Hacker News new | ask | show | jobs
by myusernameisok 3244 days ago
Especially because AWS regions are broken up into multiple availability zones (data centres in the same area). So taking out a single data centre won't do much if the AWS customers have correctly designed their systems for high-availability (ie having redundant instances in other AZs/regions with their data backed up elsewhere).
4 comments

A single availability zone can be spread across many physical data centres.

According to this rackspace article, the largest AZ has 5 data centres.

https://blog.rackspace.com/aws-101-regions-availability-zone...

Take this for what it is - I'm a software developeer who works in the cloud, not a cloud expert.

The abstraction behind AZs is what every AZ counts for at least 1 data centre. So for every region there is at least 2 AZs, and every AZ means at least 1 data centre (or 5 in your link).

This just means it's harder to take out a whole region by destroying individual data cetnres. Since most regions consist of 2-5 AZ, and AZs consist of 5+ data centres, that means destroying dozens of data centres.

That's a big if. The S3 outage in February this year showed that there are a lot of sites that aren't designed for this.
The S3 outage was across the whole US-EAST-1 region, not just one data centre.

I know my company and a few others that are redundant within a region (ie if one AZ goes down), but not if a whole region goes down.
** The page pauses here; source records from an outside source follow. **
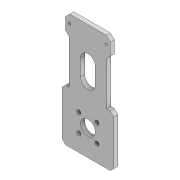
# Autodesk Inventor part: Part1_Camera
Saved by Autodesk Inventor 2021 (Build 250183000, 183)
## iProperties
Created: 2022-06-14
Part Number: Part1_Camera
Material: Generic
Document SubType Name: Modeling
Designer: romanp
Density: 1 g/cm^3
Appearance: Default
Author: romanp
Autodesk Inventor part; units mm, degrees
ref_plane "YZ Plane" through (0, 0, 0) normal (1, 0, 0) x (0, 1, 0)
ref_plane "XZ Plane" through (0, 0, 0) normal (0, 1, 0) x (-1, 0, 0)
ref_plane "XY Plane" through (0, 0, 0) normal (0, 0, 1) x (1, 0, 0)
sketch "Sketch1" plane through (0, 0, 0) normal (0, 0, 1) x (1, 0, 0)
  line L0 (0, 0) -> (54.9443, 0)
  line L1 (54.9443, 0) -> (59.3561, 4.4119)
  line L2 (59.3561, 4.4119) -> (59.3561, 59.3561)
  line L3 (59.3561, 59.3561) -> (54.9443, 63.768)
  line L4 (54.9443, 63.768) -> (0, 63.768)
  line L5 (0, 63.768) -> (-4.4114, 59.3566)
  line L6 (-4.4114, 59.3566) -> (-4.4114, 4.4114)
  line L7 (-4.4114, 4.4114) -> (0, 0)
  circle A0 centre (38.6091, 43.0209) radius 2.5
  circle A1 centre (16.3352, 43.0209) radius 2.5
  circle A2 centre (38.6091, 20.7471) radius 2.5
  circle A3 centre (16.3352, 20.7471) radius 2.5
  circle A4 centre (4.9721, 131.884) radius 1.5
  circle A5 centre (49.9721, 131.884) radius 1.5
  line L8 (0, 131.884) -> (0, 141.884)
  line L9 (0, 141.884) -> (54.9443, 141.884)
  line L10 (54.9443, 141.884) -> (54.9443, 131.884)
  line L11 (0, 131.884) -> (0, 121.884)
  line L12 (54.9443, 121.884) -> (54.9443, 131.884)
  line L13 (0, 121.884) -> (4.4114, 117.4726)
  line L14 (50.5324, 117.4721) -> (54.9443, 121.884)
  line L15 (4.4114, 117.4726) -> (4.4114, 63.768)
  line L16 (50.5324, 117.4721) -> (50.5324, 63.768)
  dimension "d3" = 3
  dimension "d4" = 3
  dimension "d5" = 10
  dimension "d6" = 10
  constraints: 34 end point, 6 centre point, 4 perpendicular, 2 point on line, 2 vertical
  measures "d3" diameter of A4
  measures "d4" diameter of A5
  measures "d5" distance of L8.start L8.end
  measures "d6" distance of L8.start L11.end
extrude "Extrusion1" add sketch "Sketch1" along normal blind 5
chamfer "Chamfer1" distance 5 angle 45 2 edges at (0, 141.884, 2.5) (54.9443, 141.884, 2.5)
sketch "Sketch2" plane through (0, 0, 5) normal (0, 0, 1) x (1, 0, 0)
  line L0 (49.9443, 141.884) -> (54.9443, 136.884) projected
  line L1 (49.9443, 141.884) -> (5, 141.884) projected
  line L2 (0, 136.884) -> (5, 141.884) projected
  line L3 (0, 136.884) -> (0, 121.884) projected
  line L4 (0, 121.884) -> (4.4114, 117.4726) projected
  line L5 (4.4114, 117.4726) -> (4.4114, 63.768) projected
  line L6 (4.4114, 63.768) -> (0, 63.768) projected
  line L7 (0, 63.768) -> (-4.4114, 59.3566) projected
  line L8 (-4.4114, 59.3566) -> (-4.4114, 4.4114) projected
  line L9 (-4.4114, 4.4114) -> (0, 0) projected
  line L10 (0, 0) -> (54.9443, 0) projected
  line L11 (54.9443, 0) -> (59.3561, 4.4119) projected
  line L12 (59.3561, 4.4119) -> (59.3561, 59.3561) projected
  line L13 (59.3561, 59.3561) -> (54.9443, 63.768) projected
  line L14 (54.9443, 63.768) -> (50.5324, 63.768) projected
  line L15 (50.5324, 63.768) -> (50.5324, 117.4721) projected
  line L16 (50.5324, 117.4721) -> (54.9443, 121.884) projected
  line L17 (54.9443, 121.884) -> (54.9443, 136.884) projected
  circle A0 centre (49.9721, 131.884) radius 1.5 projected
  circle A1 centre (4.9721, 131.884) radius 1.5 projected
  circle A2 centre (38.6091, 20.7471) radius 2.5 projected
  circle A3 centre (38.6091, 43.0209) radius 2.5 projected
  circle A4 centre (16.3352, 43.0209) radius 2.5 projected
  circle A5 centre (16.3352, 20.7471) radius 2.5 projected
  circle A6 centre (27.4721, 31.884) radius 9
  dimension "d12" = 18
  constraints: 1 centre point
  measures "d12" diameter of A6
extrude "Extrusion2" cut sketch "Sketch2" against normal blind 5 contours A6
sketch "Sketch3" plane through (0, 0, 5) normal (0, 0, 1) x (1, 0, 0)
  arc A0 (36.4721, 101.884) -> (18.4721, 101.884) centre (27.4721, 101.884) ccw
  line L0 (18.4721, 101.884) -> (18.4721, 81.884)
  line L1 (36.4721, 101.884) -> (36.4721, 81.884)
  circle A1 centre (27.4721, 31.884) radius 9 projected
  line L2 (27.4721, 71.884) -> (27.4721, 81.884)
  arc A2 (18.4721, 81.884) -> (36.4721, 81.884) centre (27.4721, 81.884) ccw
  point P0 (0, 0)
  dimension "d16" = 18
  dimension "d20" = 10
  dimension "d21" = 18
  constraints: 6 end point, 4 point on circle, 2 centre point, 2 tangent, 2 vertical, 1 coincident
  measures "d16" diameter of A0
  measures "d20" distance of L2.start L2.end
  measures "d21" diameter of A2
extrude "Extrusion3" cut sketch "Sketch3" against normal blind 10 contours L1 A2 L0 A0
sketch "Sketch4" plane through (0, 0, 5) normal (0, 0, 1) x (1, 0, 0)
  circle A0 centre (16.3352, 43.0209) radius 2.5 projected
  circle A1 centre (16.3352, 43.0209) radius 2.55
  circle A2 centre (38.6091, 43.0209) radius 2.5 projected
  circle A3 centre (38.6091, 43.0209) radius 2.55
  circle A4 centre (38.6091, 20.7471) radius 2.5 projected
  circle A5 centre (38.6091, 20.7471) radius 2.55
  circle A6 centre (16.3352, 20.7471) radius 2.5 projected
  circle A7 centre (16.3352, 20.7471) radius 2.55
  circle A8 centre (4.9721, 131.884) radius 1.5 projected
  circle A9 centre (4.9721, 131.884) radius 1.55
  circle A10 centre (49.9721, 131.884) radius 1.5 projected
  circle A11 centre (49.9721, 131.884) radius 1.55
  point P0 (0, 0)
  dimension "d22" = 5.1
  dimension "d23" = 5.1
  dimension "d24" = 5.1
  dimension "d25" = 5.1
  dimension "d26" = 3.1
  dimension "d27" = 3.1
  constraints: 6 centre point, 6 coincident
  measures "d22" diameter of A1
  measures "d23" diameter of A3
  measures "d24" diameter of A5
  measures "d25" diameter of A7
  measures "d26" diameter of A9
  measures "d27" diameter of A11
extrude "Extrusion4" cut sketch "Sketch4" against normal blind 10 contours A0 | A1 | A2 | A3 | A4 | A5 | A6 | A7 | A8 | A9 | A10 | A11
body "Solid1"

This all assumes that "taking out" datacenters is a physical/hardware operation.

When you widen the potential attack surface to include software vulnerabilities, unauthorized access, process flaws and other "soft" vectors, a much wider--possibly coordinated--attack that is potentially far more crippling can be imagined.

The question is how load would behave if more than 1 AZ fails for several days. If 2 out of 5 AZs in US-East are down for a week, everyone would distribute to the other 3 (and probably on all three to be sure). I'm not sure if they have enough spare capacity to handle that. The AZ model is designed for single failures and failures that are a few hours, not days.

Of course just speculation, I have no knowledge about DR plans at Amazon.